Dallas Fed Energy Survey 2026: Iran Conflict and Rising Costs

BY MUFLIH HIDAYAT ON JUNE 25, 2026

The Hidden Fault Lines Beneath a Booming U.S. Energy Quarter

When commodity markets move violently, the instinct is to focus on the price itself. Yet the more revealing signal often lies beneath the headline number, embedded in the operational decisions, cost structures, and planning behaviours of the people who actually run drilling programs. The Q2 2026 Dallas Fed Energy Survey captures exactly this kind of granular intelligence, and what it reveals is a U.S. upstream sector that is simultaneously accelerating and fracturing along multiple structural pressure points.

The Dallas Fed Energy Survey Iran conflict and rising costs narrative has dominated industry conversations through mid-2026, but the full picture is considerably more nuanced than a simple geopolitical premium story.

U.S. Upstream Momentum: Reading the Real Signal Behind the Index

The Dallas Fed Energy Survey's business activity index advanced sharply from 21.0 in Q1 2026 to 46.1 in Q2 2026, representing the strongest reading since mid-2022. On the surface, this suggests a broadly healthy expansion across the U.S. Southwest energy corridor, encompassing Texas, New Mexico, and Louisiana.

However, headline index readings can obscure as much as they illuminate.

Nearly half of all survey respondents reported increasing capital deployment during the quarter, and oil production volumes registered incremental gains. Natural gas output, however, remained effectively unchanged quarter-over-quarter, reflecting domestic supply dynamics that are largely decoupled from the Middle East disruption driving crude price behaviour. Furthermore, the natural gas price forecast for the broader sector remains subdued relative to crude benchmarks.

Several structural divergences complicate the optimistic reading:

  • Exploration and production firms reported improving outlooks, while oilfield service companies described a considerably more mixed environment
  • The survey's uncertainty index climbed to 53.7, indicating that the activity surge is accompanied by deep hesitation around forward planning
  • Capital spending acceleration appears partly reactive to price signals generated by geopolitical disruption, rather than being driven by organic demand growth or improved long-run economics

"A business activity index above 40 has historically correlated with broad-based sectoral expansion, but when that reading arrives alongside a record-high uncertainty index, the expansion itself becomes structurally fragile rather than a foundation for sustained multi-year growth."

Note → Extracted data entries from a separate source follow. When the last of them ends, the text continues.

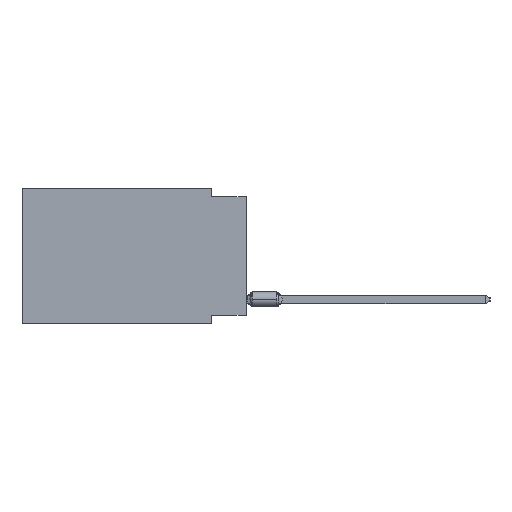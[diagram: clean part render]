
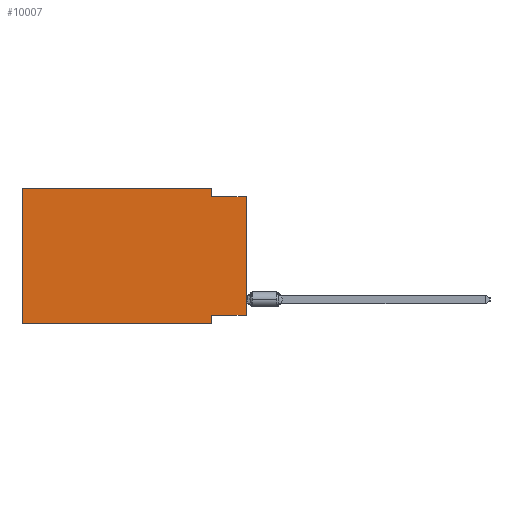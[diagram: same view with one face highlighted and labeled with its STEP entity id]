
A CAD part, left-side view. The second image highlights one B-rep face of the part: STEP entity #10007.
In plain terms, the highlighted planar face has unit normal (-1, 0, 0).
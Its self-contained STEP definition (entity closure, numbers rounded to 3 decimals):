
#13 = VERTEX_POINT ( 'NONE', #12031 ) ;
#291 = LINE ( 'NONE', #27957, #4333 ) ;
#1167 = DIRECTION ( 'NONE',  ( 0., -1., 0. ) ) ;
#1185 = CARTESIAN_POINT ( 'NONE',  ( 0., 2.54, -0.635 ) ) ;
#1230 = LINE ( 'NONE', #13340, #22964 ) ;
#1423 = FACE_OUTER_BOUND ( 'NONE', #13637, .T. ) ;
#1659 = VERTEX_POINT ( 'NONE', #11033 ) ;
#2678 = DIRECTION ( 'NONE',  ( 0., 0., -1. ) ) ;
#2880 = CARTESIAN_POINT ( 'NONE',  ( 0., 0., -9.271 ) ) ;
#3359 = LINE ( 'NONE', #3859, #3496 ) ;
#3496 = VECTOR ( 'NONE', #1167, 1000. ) ;
#3799 = DIRECTION ( 'NONE',  ( 0., 0., -1. ) ) ;
#3859 = CARTESIAN_POINT ( 'NONE',  ( 0., 16.383, 0. ) ) ;
#4240 = EDGE_CURVE ( 'NONE', #13, #16894, #1230, .T. ) ;
#4249 = DIRECTION ( 'NONE',  ( 0., -1., 0. ) ) ;
#4259 = AXIS2_PLACEMENT_3D ( 'NONE', #24356, #11695, #3799 ) ;
#4333 = VECTOR ( 'NONE', #2678, 1000. ) ;
#4427 = CARTESIAN_POINT ( 'NONE',  ( 0., 0., -0.635 ) ) ;
#4833 = DIRECTION ( 'NONE',  ( 0., 0., -1. ) ) ;
#5136 = VERTEX_POINT ( 'NONE', #29734 ) ;
#5870 = VECTOR ( 'NONE', #7860, 1000. ) ;
#6092 = EDGE_CURVE ( 'NONE', #21013, #19543, #22445, .T. ) ;
#6647 = EDGE_CURVE ( 'NONE', #1659, #19543, #20650, .T. ) ;
#7089 = ORIENTED_EDGE ( 'NONE', *, *, #17400, .F. ) ;
#7344 = ORIENTED_EDGE ( 'NONE', *, *, #6647, .T. ) ;
#7860 = DIRECTION ( 'NONE',  ( 0., 0., 1. ) ) ;
#8934 = EDGE_CURVE ( 'NONE', #13, #23214, #24189, .T. ) ;
#10007 = ADVANCED_FACE ( 'NONE', ( #1423 ), #32781, .F. ) ;
#10017 = CARTESIAN_POINT ( 'NONE',  ( 0., 16.383, 0. ) ) ;
#10722 = CARTESIAN_POINT ( 'NONE',  ( 0., 0., -0.635 ) ) ;
#11033 = CARTESIAN_POINT ( 'NONE',  ( 0., 0., -9.271 ) ) ;
#11215 = VECTOR ( 'NONE', #4249, 1000. ) ;
#11229 = ORIENTED_EDGE ( 'NONE', *, *, #25877, .F. ) ;
#11695 = DIRECTION ( 'NONE',  ( 1., 0., 0. ) ) ;
#12031 = CARTESIAN_POINT ( 'NONE',  ( 0., 16.383, -9.906 ) ) ;
#13200 = ORIENTED_EDGE ( 'NONE', *, *, #6092, .F. ) ;
#13340 = CARTESIAN_POINT ( 'NONE',  ( 0., 16.383, 0. ) ) ;
#13637 = EDGE_LOOP ( 'NONE', ( #7344, #13200, #11229, #7089, #22130, #19466, #29743, #26637 ) ) ;
#15339 = DIRECTION ( 'NONE',  ( 0., -1., 0. ) ) ;
#16894 = VERTEX_POINT ( 'NONE', #10017 ) ;
#17400 = EDGE_CURVE ( 'NONE', #16894, #30220, #3359, .T. ) ;
#18364 = LINE ( 'NONE', #2880, #22054 ) ;
#19466 = ORIENTED_EDGE ( 'NONE', *, *, #8934, .T. ) ;
#19543 = VERTEX_POINT ( 'NONE', #10722 ) ;
#19776 = VECTOR ( 'NONE', #15339, 1000. ) ;
#20137 = CARTESIAN_POINT ( 'NONE',  ( 0., 2.54, -9.906 ) ) ;
#20650 = LINE ( 'NONE', #30936, #5870 ) ;
#21013 = VERTEX_POINT ( 'NONE', #1185 ) ;
#22054 = VECTOR ( 'NONE', #31016, 1000. ) ;
#22130 = ORIENTED_EDGE ( 'NONE', *, *, #4240, .F. ) ;
#22445 = LINE ( 'NONE', #4427, #11215 ) ;
#22570 = VECTOR ( 'NONE', #4833, 1000. ) ;
#22938 = CARTESIAN_POINT ( 'NONE',  ( 0., 16.383, -9.906 ) ) ;
#22964 = VECTOR ( 'NONE', #26845, 1000. ) ;
#23214 = VERTEX_POINT ( 'NONE', #20137 ) ;
#24189 = LINE ( 'NONE', #22938, #19776 ) ;
#24356 = CARTESIAN_POINT ( 'NONE',  ( 0., 16.383, 0. ) ) ;
#24548 = EDGE_CURVE ( 'NONE', #5136, #23214, #33143, .T. ) ;
#25492 = EDGE_CURVE ( 'NONE', #1659, #5136, #18364, .T. ) ;
#25877 = EDGE_CURVE ( 'NONE', #30220, #21013, #291, .T. ) ;
#26637 = ORIENTED_EDGE ( 'NONE', *, *, #25492, .F. ) ;
#26845 = DIRECTION ( 'NONE',  ( 0., 0., 1. ) ) ;
#27908 = CARTESIAN_POINT ( 'NONE',  ( 0., 2.54, -9.906 ) ) ;
#27957 = CARTESIAN_POINT ( 'NONE',  ( 0., 2.54, 0. ) ) ;
#29454 = CARTESIAN_POINT ( 'NONE',  ( 0., 2.54, 0. ) ) ;
#29734 = CARTESIAN_POINT ( 'NONE',  ( 0., 2.54, -9.271 ) ) ;
#29743 = ORIENTED_EDGE ( 'NONE', *, *, #24548, .F. ) ;
#30220 = VERTEX_POINT ( 'NONE', #29454 ) ;
#30936 = CARTESIAN_POINT ( 'NONE',  ( 0., 0., 0. ) ) ;
#31016 = DIRECTION ( 'NONE',  ( 0., 1., 0. ) ) ;
#32781 = PLANE ( 'NONE',  #4259 ) ;
#33143 = LINE ( 'NONE', #27908, #22570 ) ;
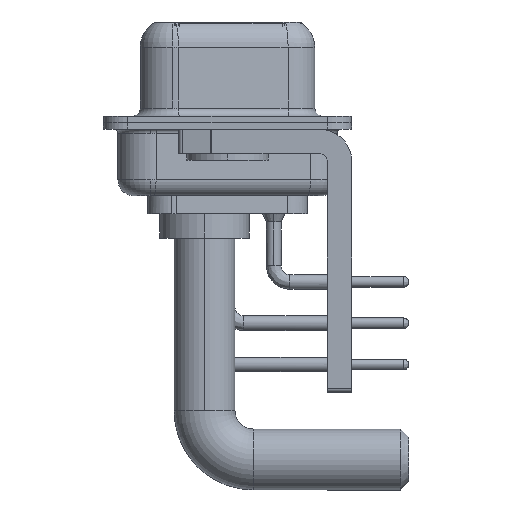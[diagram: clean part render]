
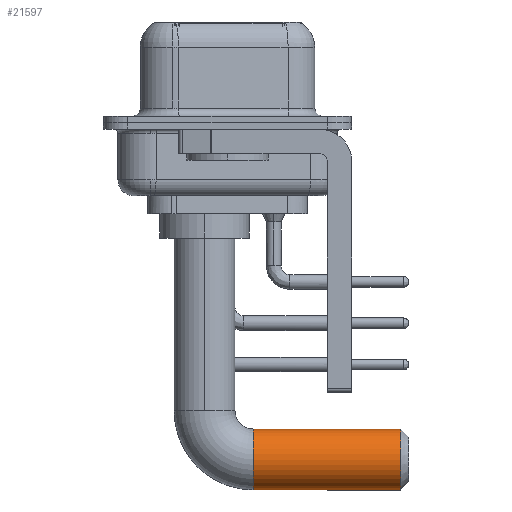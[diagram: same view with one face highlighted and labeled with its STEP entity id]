
A CAD part, left-side view. The second image highlights one B-rep face of the part: STEP entity #21597.
In plain terms, the highlighted cylindrical face has radius 1.875 mm (diameter 3.75 mm), a partial arc.
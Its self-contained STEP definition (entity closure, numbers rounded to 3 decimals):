
#521 = FACE_OUTER_BOUND ( 'NONE', #26959, .T. ) ;
#693 = VERTEX_POINT ( 'NONE', #20414 ) ;
#1017 = CARTESIAN_POINT ( 'NONE',  ( 0., -3., -13.63 ) ) ;
#1456 = CARTESIAN_POINT ( 'NONE',  ( 0., -3., -15.505 ) ) ;
#1479 = DIRECTION ( 'NONE',  ( 0., 0., -1. ) ) ;
#2070 = EDGE_CURVE ( 'NONE', #25972, #693, #32320, .T. ) ;
#3527 = CARTESIAN_POINT ( 'NONE',  ( 0., -12.07, -11.755 ) ) ;
#4175 = CARTESIAN_POINT ( 'NONE',  ( 0., -12.07, -13.63 ) ) ;
#4197 = ORIENTED_EDGE ( 'NONE', *, *, #2070, .T. ) ;
#5007 = ORIENTED_EDGE ( 'NONE', *, *, #32071, .F. ) ;
#6089 = DIRECTION ( 'NONE',  ( 0., 0., -1. ) ) ;
#6858 = LINE ( 'NONE', #1456, #25091 ) ;
#7940 = AXIS2_PLACEMENT_3D ( 'NONE', #1017, #16505, #6089 ) ;
#8085 = ORIENTED_EDGE ( 'NONE', *, *, #9054, .T. ) ;
#8486 = VERTEX_POINT ( 'NONE', #3527 ) ;
#9054 = EDGE_CURVE ( 'NONE', #693, #12623, #6858, .T. ) ;
#10700 = CARTESIAN_POINT ( 'NONE',  ( 0., -12.07, -15.505 ) ) ;
#10824 = CYLINDRICAL_SURFACE ( 'NONE', #7940, 1.875 ) ;
#11426 = ORIENTED_EDGE ( 'NONE', *, *, #33260, .T. ) ;
#12623 = VERTEX_POINT ( 'NONE', #10700 ) ;
#14013 = VECTOR ( 'NONE', #16171, 1000. ) ;
#15046 = CARTESIAN_POINT ( 'NONE',  ( 0., -3., -13.63 ) ) ;
#16171 = DIRECTION ( 'NONE',  ( 0., -1., 0. ) ) ;
#16489 = CARTESIAN_POINT ( 'NONE',  ( 0., -3., -11.755 ) ) ;
#16505 = DIRECTION ( 'NONE',  ( 0., -1., 0. ) ) ;
#17466 = DIRECTION ( 'NONE',  ( 0., -1., 0. ) ) ;
#20255 = DIRECTION ( 'NONE',  ( 0., -1., 0. ) ) ;
#20414 = CARTESIAN_POINT ( 'NONE',  ( 0., -3., -15.505 ) ) ;
#21597 = ADVANCED_FACE ( 'NONE', ( #521 ), #10824, .T. ) ;
#25091 = VECTOR ( 'NONE', #17466, 1000. ) ;
#25361 = CIRCLE ( 'NONE', #26976, 1.875 ) ;
#25972 = VERTEX_POINT ( 'NONE', #30603 ) ;
#26408 = AXIS2_PLACEMENT_3D ( 'NONE', #15046, #20255, #33233 ) ;
#26959 = EDGE_LOOP ( 'NONE', ( #5007, #4197, #8085, #11426 ) ) ;
#26976 = AXIS2_PLACEMENT_3D ( 'NONE', #4175, #32626, #1479 ) ;
#29434 = LINE ( 'NONE', #16489, #14013 ) ;
#30603 = CARTESIAN_POINT ( 'NONE',  ( 0., -3., -11.755 ) ) ;
#32071 = EDGE_CURVE ( 'NONE', #25972, #8486, #29434, .T. ) ;
#32320 = CIRCLE ( 'NONE', #26408, 1.875 ) ;
#32626 = DIRECTION ( 'NONE',  ( 0., 1., 0. ) ) ;
#33233 = DIRECTION ( 'NONE',  ( -1., 0., 0. ) ) ;
#33260 = EDGE_CURVE ( 'NONE', #12623, #8486, #25361, .T. ) ;
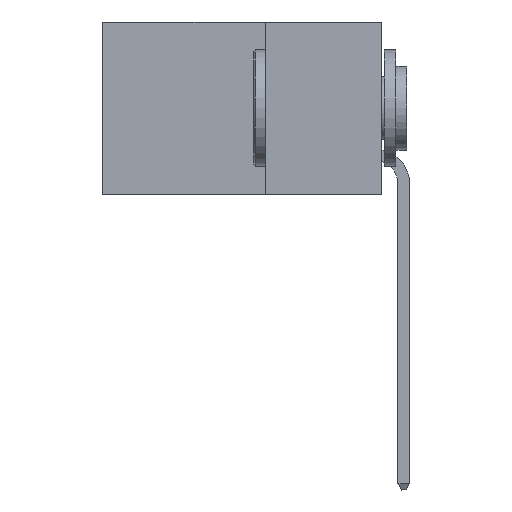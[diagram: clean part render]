
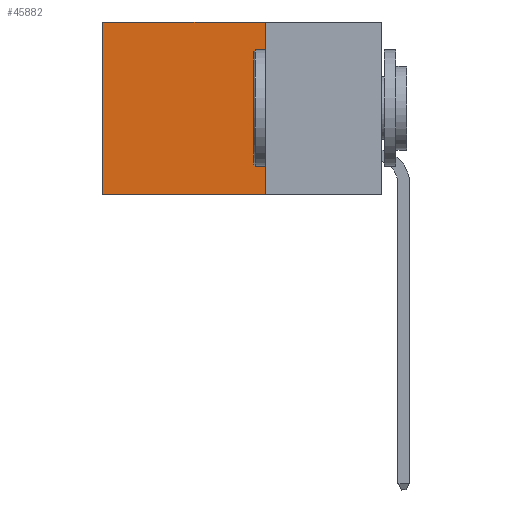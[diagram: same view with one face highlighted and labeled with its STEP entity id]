
A CAD part, left-side view. The second image highlights one B-rep face of the part: STEP entity #45882.
In plain terms, the highlighted planar face has unit normal (-1, 0, 0).
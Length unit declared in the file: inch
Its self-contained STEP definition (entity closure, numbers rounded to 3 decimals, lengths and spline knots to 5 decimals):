
#2899 = AXIS2_PLACEMENT_3D ( 'NONE', #15806, #40161, #22779 ) ;
#5414 = CARTESIAN_POINT ( 'NONE',  ( 0.2875, 0.6, -0.37 ) ) ;
#8596 = FACE_OUTER_BOUND ( 'NONE', #26885, .T. ) ;
#10171 = DIRECTION ( 'NONE',  ( 0., 0., -1. ) ) ;
#10985 = VECTOR ( 'NONE', #10171, 39.37008 ) ;
#11871 = VECTOR ( 'NONE', #22269, 39.37008 ) ;
#12224 = VERTEX_POINT ( 'NONE', #5414 ) ;
#13607 = VECTOR ( 'NONE', #38287, 39.37008 ) ;
#14407 = VECTOR ( 'NONE', #38514, 39.37008 ) ;
#14612 = LINE ( 'NONE', #27081, #11871 ) ;
#15242 = EDGE_CURVE ( 'NONE', #32907, #43834, #27619, .T. ) ;
#15604 = CARTESIAN_POINT ( 'NONE',  ( 0.2875, 0.25, -0.37 ) ) ;
#15806 = CARTESIAN_POINT ( 'NONE',  ( 0.2875, 0.25, 0. ) ) ;
#17155 = CARTESIAN_POINT ( 'NONE',  ( 0.2875, 0.25, 0. ) ) ;
#20192 = VERTEX_POINT ( 'NONE', #30032 ) ;
#21173 = CARTESIAN_POINT ( 'NONE',  ( 0.2875, 0.25, 0. ) ) ;
#22199 = ORIENTED_EDGE ( 'NONE', *, *, #23282, .T. ) ;
#22269 = DIRECTION ( 'NONE',  ( 0., 0., -1. ) ) ;
#22779 = DIRECTION ( 'NONE',  ( 0., 0., -1. ) ) ;
#23282 = EDGE_CURVE ( 'NONE', #20192, #12224, #14612, .T. ) ;
#24158 = LINE ( 'NONE', #24192, #13607 ) ;
#24192 = CARTESIAN_POINT ( 'NONE',  ( 0.2875, 0.25, -0.37 ) ) ;
#24418 = LINE ( 'NONE', #17155, #14407 ) ;
#26885 = EDGE_LOOP ( 'NONE', ( #22199, #42587, #44559, #30841 ) ) ;
#27081 = CARTESIAN_POINT ( 'NONE',  ( 0.2875, 0.6, 0. ) ) ;
#27619 = LINE ( 'NONE', #21173, #10985 ) ;
#29863 = EDGE_CURVE ( 'NONE', #32907, #20192, #24418, .T. ) ;
#30032 = CARTESIAN_POINT ( 'NONE',  ( 0.2875, 0.6, 0. ) ) ;
#30841 = ORIENTED_EDGE ( 'NONE', *, *, #29863, .T. ) ;
#32907 = VERTEX_POINT ( 'NONE', #45912 ) ;
#38287 = DIRECTION ( 'NONE',  ( 0., 1., 0. ) ) ;
#38514 = DIRECTION ( 'NONE',  ( 0., 1., 0. ) ) ;
#40161 = DIRECTION ( 'NONE',  ( 1., 0., 0. ) ) ;
#40309 = PLANE ( 'NONE',  #2899 ) ;
#42587 = ORIENTED_EDGE ( 'NONE', *, *, #45499, .F. ) ;
#43834 = VERTEX_POINT ( 'NONE', #15604 ) ;
#44559 = ORIENTED_EDGE ( 'NONE', *, *, #15242, .F. ) ;
#45499 = EDGE_CURVE ( 'NONE', #43834, #12224, #24158, .T. ) ;
#45882 = ADVANCED_FACE ( 'NONE', ( #8596 ), #40309, .F. ) ;
#45912 = CARTESIAN_POINT ( 'NONE',  ( 0.2875, 0.25, 0. ) ) ;

The Iran Conflict as a Pricing and Planning Variable

The Strait of Hormuz: Physical Chokepoint, Psychological Multiplier

The Strait of Hormuz is the world's single most consequential petroleum chokepoint. Roughly 20% of global oil supply transits this narrow passage between Iran and Oman, meaning any credible disruption instantly reprices supply risk across every major crude benchmark. When conflict involving Iran intensified in 2026, the Strait moved from background risk to front-and-centre operational concern for U.S. energy executives.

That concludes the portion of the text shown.